Start-ups in the Middle East and North Africa (MENA) region have raised more funding during late-stage rounds compared to their global peers this year, but there has been a decline in interest from international investors, according to a report.

MENA start-ups raised a total of  $643 million in late-stage funding during the first six months of the year, buoyed mainly by mega-deals and up by 4% compared to a year earlier, according to a report released by venture capital data platform MAGNITT.

Global late-stage funding, however, fell 49% year-on-year amid economic uncertainty.

"Globally, investments in the late stage have been constrained by economic uncertainty and macro factors," MAGNITT noted.

Late-stage funding refers to investments made into post-Series A rounds, and includes disclosed and undisclosed deals.

The majority of funds deployed for start-ups in the region during the first half of the year went into mega-deals raised by Egypt's Halan and Saudi Arabia's Nana and Floward. Overall, mega-deals accounted for 85% of the total funding.
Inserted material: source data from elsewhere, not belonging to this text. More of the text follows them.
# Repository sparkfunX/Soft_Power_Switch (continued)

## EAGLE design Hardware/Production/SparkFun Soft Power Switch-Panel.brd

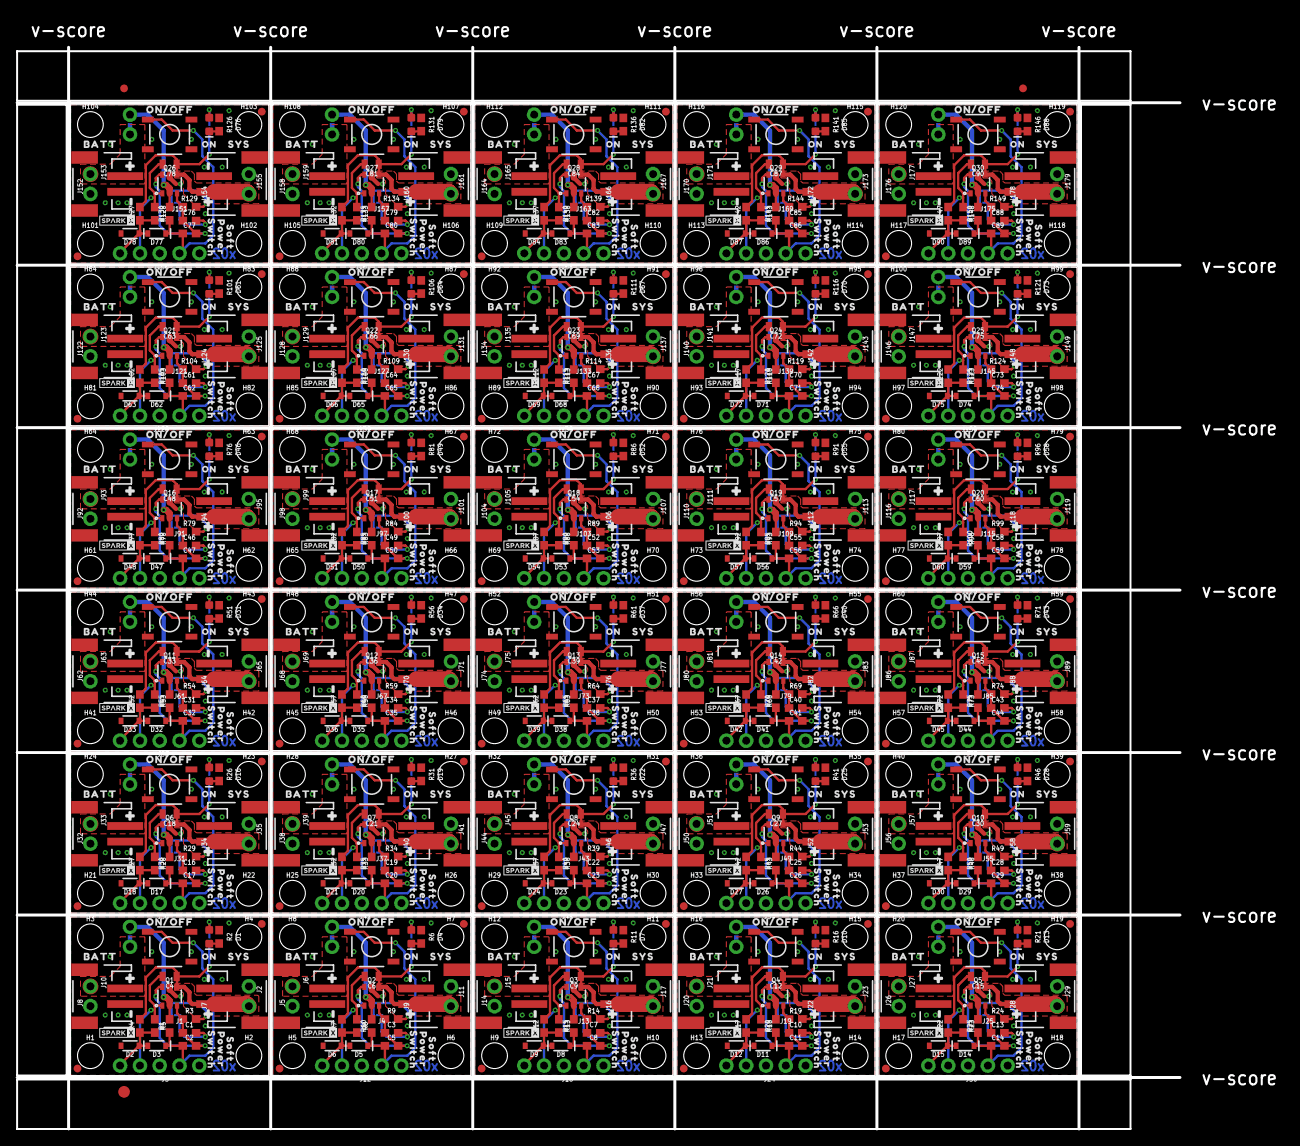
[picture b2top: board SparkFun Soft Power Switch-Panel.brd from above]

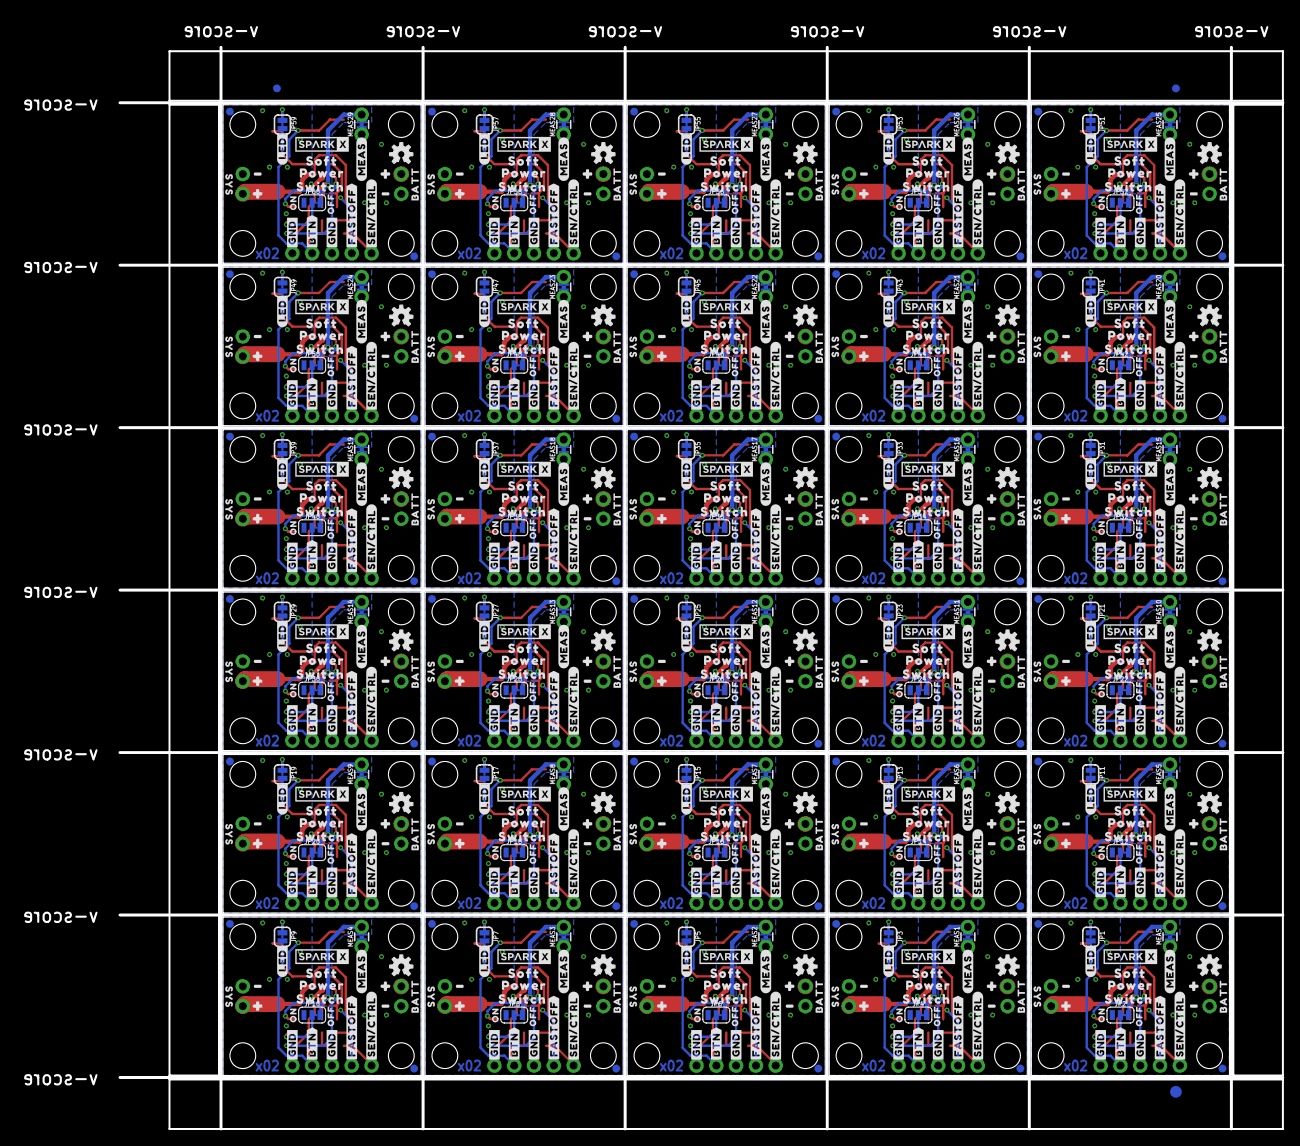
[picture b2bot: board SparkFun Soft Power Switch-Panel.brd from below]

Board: 2 copper layers, 149.1 x 138.7 mm, 1866 parts (753 on the bottom side), 330 nets.

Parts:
C1, C2, C3, C5, C7, C8, C10, C11, C13, C14, C16, C17, C19, C20, C22, C23, C25, C26, C28, C29, C31, C32, C34, C35, C37, C38, C40, C41, C43, C44, C46, C47, C49, C50, C52, C53, C55, C56, C58, C59, C61, C62, C64, C65, C67, C68, C70, C71, C73, C74, C76, C77, C79, C80, C82, C83, C85, C86, C88, C89: 0.1uF; 0603
C4, C6, C9, C12, C15, C18, C21, C24, C27, C30, C33, C36, C39, C42, C45, C48, C51, C54, C57, C60, C63, C66, C69, C72, C75, C78, C81, C84, C87, C90: 22uF; 0805
D1, D4, D7, D10, D13, D16, D19, D22, D25, D28, D31, D34, D37, D40, D43, D46, D49, D52, D55, D58, D61, D64, D67, D70, D73, D76, D79, D82, D85, D88: Power; LED-0603
D2, D6, D9, D12, D15, D18, D21, D24, D27, D30, D33, D36, D39, D42, D45, D48, D51, D54, D57, D60, D63, D66, D69, D72, D75, D78, D81, D84, D87, D90: 3.3V; SOD-323
D3, D5, D8, D11, D14, D17, D20, D23, D26, D29, D32, D35, D38, D41, D44, D47, D50, D53, D56, D59, D62, D65, D68, D71, D74, D77, D80, D83, D86, D89: 250mA/100V; SOD-323
E$1, E$2, E$3, E$4: FIDUCIAL-1X2
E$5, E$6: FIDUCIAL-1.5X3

However, late-stage funding in non-mega rounds was at its lowest point since the second half of 2020.

"In MENA, the mega-deals ($100 million plus deals) have elevated the funding seen in late-stage rounds compared to global benchmarks," MAGNITT said.

Investors retreat

There has been a sharp retreat in international investor participation in the region, MAGNITT noted.

Between 2019 and 2022, investors based outside MENA dominated the late-stage venture capital landscape in the region in terms of the amount of capital deployed, contributing more than half (57%) of late-stage VC investments.

During the first half of the year, however, only 13% of the capital deployed in the region came from international investors.

"This year's market volatility resulted in a global investor retreat in both absolute dollar terms as well as relative participation by international investors," said Philip Bahoshy, CEO of MAGNITT.